[Stored data]
---*---

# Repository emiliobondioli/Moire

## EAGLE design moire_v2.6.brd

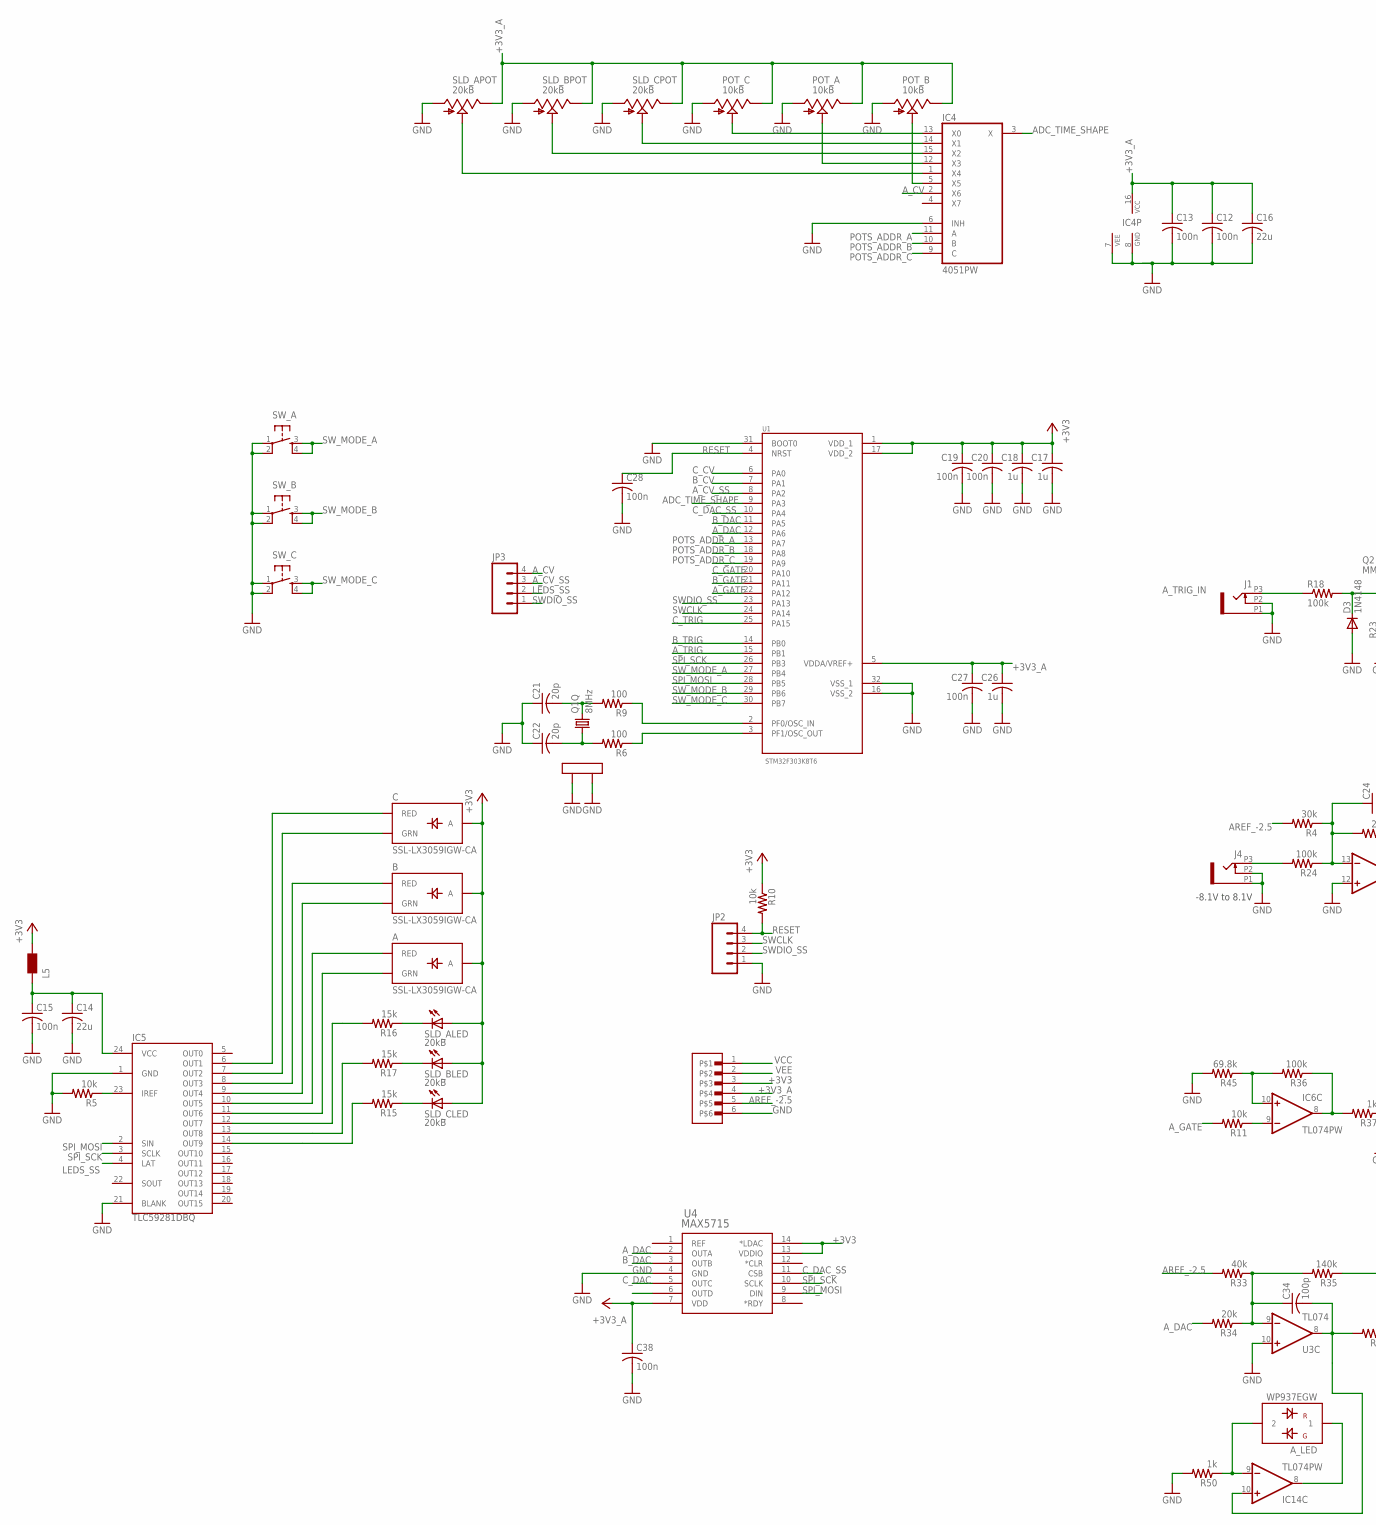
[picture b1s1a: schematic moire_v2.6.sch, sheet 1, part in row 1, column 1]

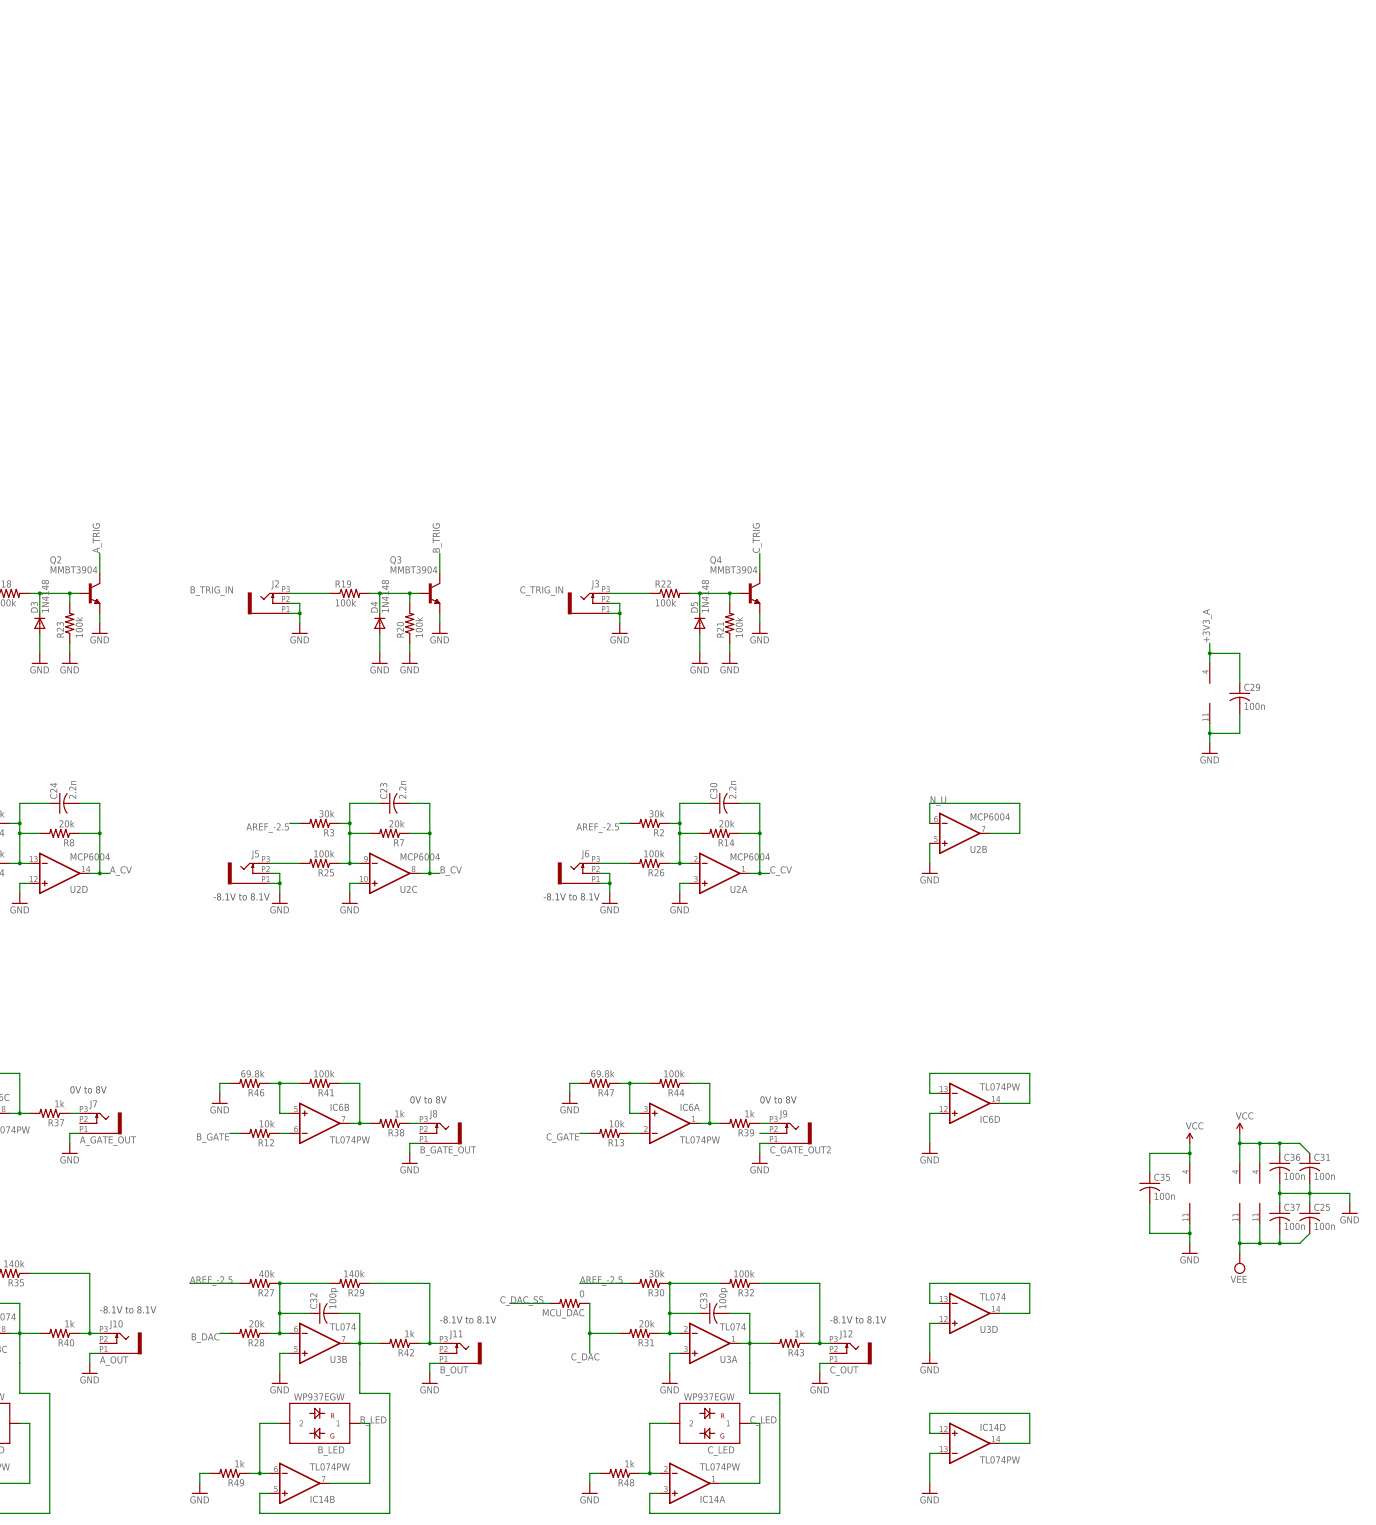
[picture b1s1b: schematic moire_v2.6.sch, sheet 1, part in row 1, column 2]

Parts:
A: SSL-LX3059IGW-CA; LED-BICOLOR-THROUGHHOLE-LUMEX
A_LED: WP937EGW; LED3MM
B: SSL-LX3059IGW-CA; LED-BICOLOR-THROUGHHOLE-LUMEX
B_LED: WP937EGW; LED3MM
C: SSL-LX3059IGW-CA; LED-BICOLOR-THROUGHHOLE-LUMEX
C12, C13, C15, C19, C20, C25, C27, C28, C29, C31, C35, C36, C37, C38: 100n; RCL_C0603
C14, C16: 22u; RCL_C1206
C17, C18, C26: 1u; RCL_C0603
C21, C22: 20p; RCL_C0603
C23, C24, C30: 2.2n; RCL_C0603
C32, C33, C34: 100p; RCL_C0603
C_LED: WP937EGW; LED3MM
D3, D4, D5: 1N4148; DIODE_SOD323-R
IC4: 4051PW; TSSOP16_065
IC5: TLC59281DBQ; TSSOP24_0635
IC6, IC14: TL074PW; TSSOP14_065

---*---

**PROBLEM TO SOLVE:**
In the data above, tally the lines that contain the string "column" and give that figure alone.

**TASK SOLUTION:**
2